* Exercise prompt *
Please reproduce, exactly and with nothing added, the line containing "with BuildPart() as" and every line after it to the end of the records.

[Collection entries]
━━━━━━━━━━━━━━━━
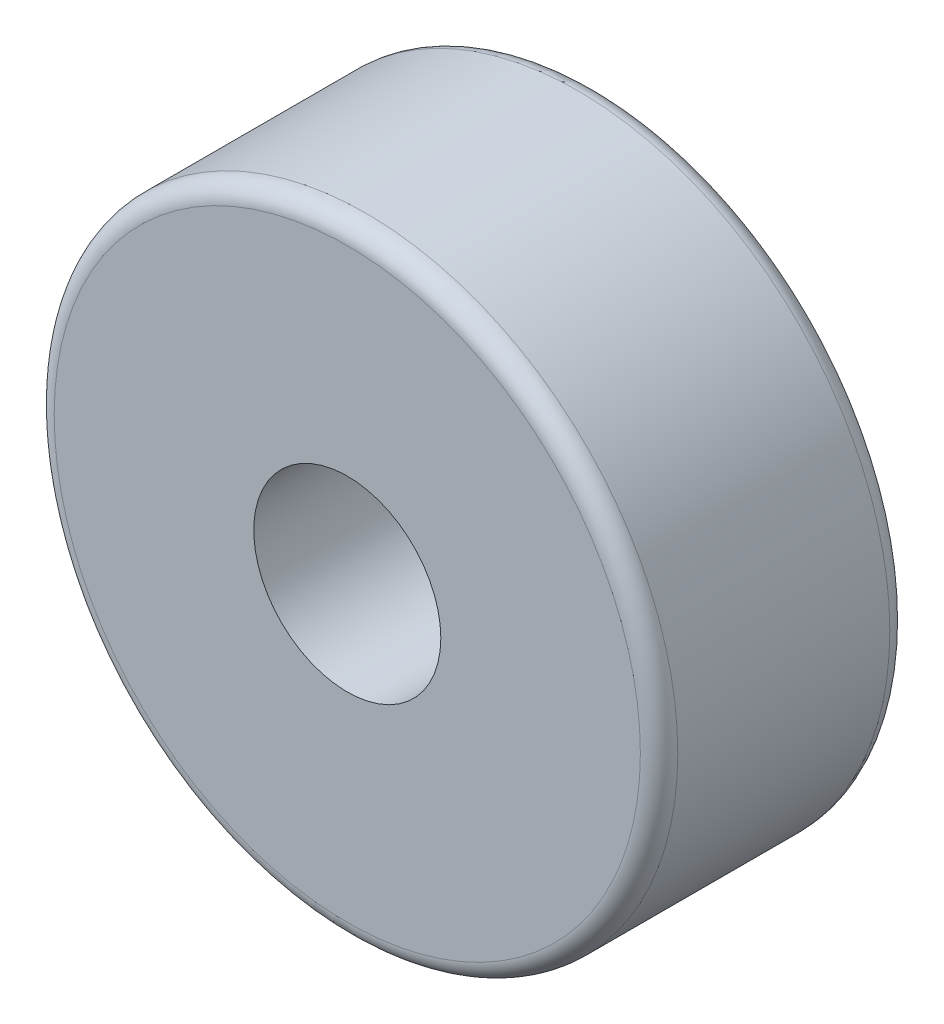
from build123d import *

# Parameters (mm, degrees)
SKETCH1_R           = 5
SKETCH1_R_2         = 1.5
BOSS_EXTRUDE1_DEPTH = 4
FILLET1_R           = 0.3


with BuildPart() as part:
    # Sketch1 → Boss-Extrude1 (new body)
    with BuildSketch(Plane.XY):
        Circle(SKETCH1_R)
        Circle(SKETCH1_R_2, mode=Mode.SUBTRACT)
    extrude(amount=BOSS_EXTRUDE1_DEPTH)

    # Fillet1
    fillet1_edges = [part.edges().sort_by_distance(p)[0] for p in [
        (-5, 0, 0),
        (-5, 0, 4),
    ]]
    fillet(fillet1_edges, radius=FILLET1_R)


solid = part.part
━━━━━━━━━━━━━━━━
* Response area *
with BuildPart() as part:
    # Sketch1 → Boss-Extrude1 (new body)
    with BuildSketch(Plane.XY):
        Circle(SKETCH1_R)
        Circle(SKETCH1_R_2, mode=Mode.SUBTRACT)
    extrude(amount=BOSS_EXTRUDE1_DEPTH)

    # Fillet1
    fillet1_edges = [part.edges().sort_by_distance(p)[0] for p in [
        (-5, 0, 0),
        (-5, 0, 4),
    ]]
    fillet(fillet1_edges, radius=FILLET1_R)


solid = part.part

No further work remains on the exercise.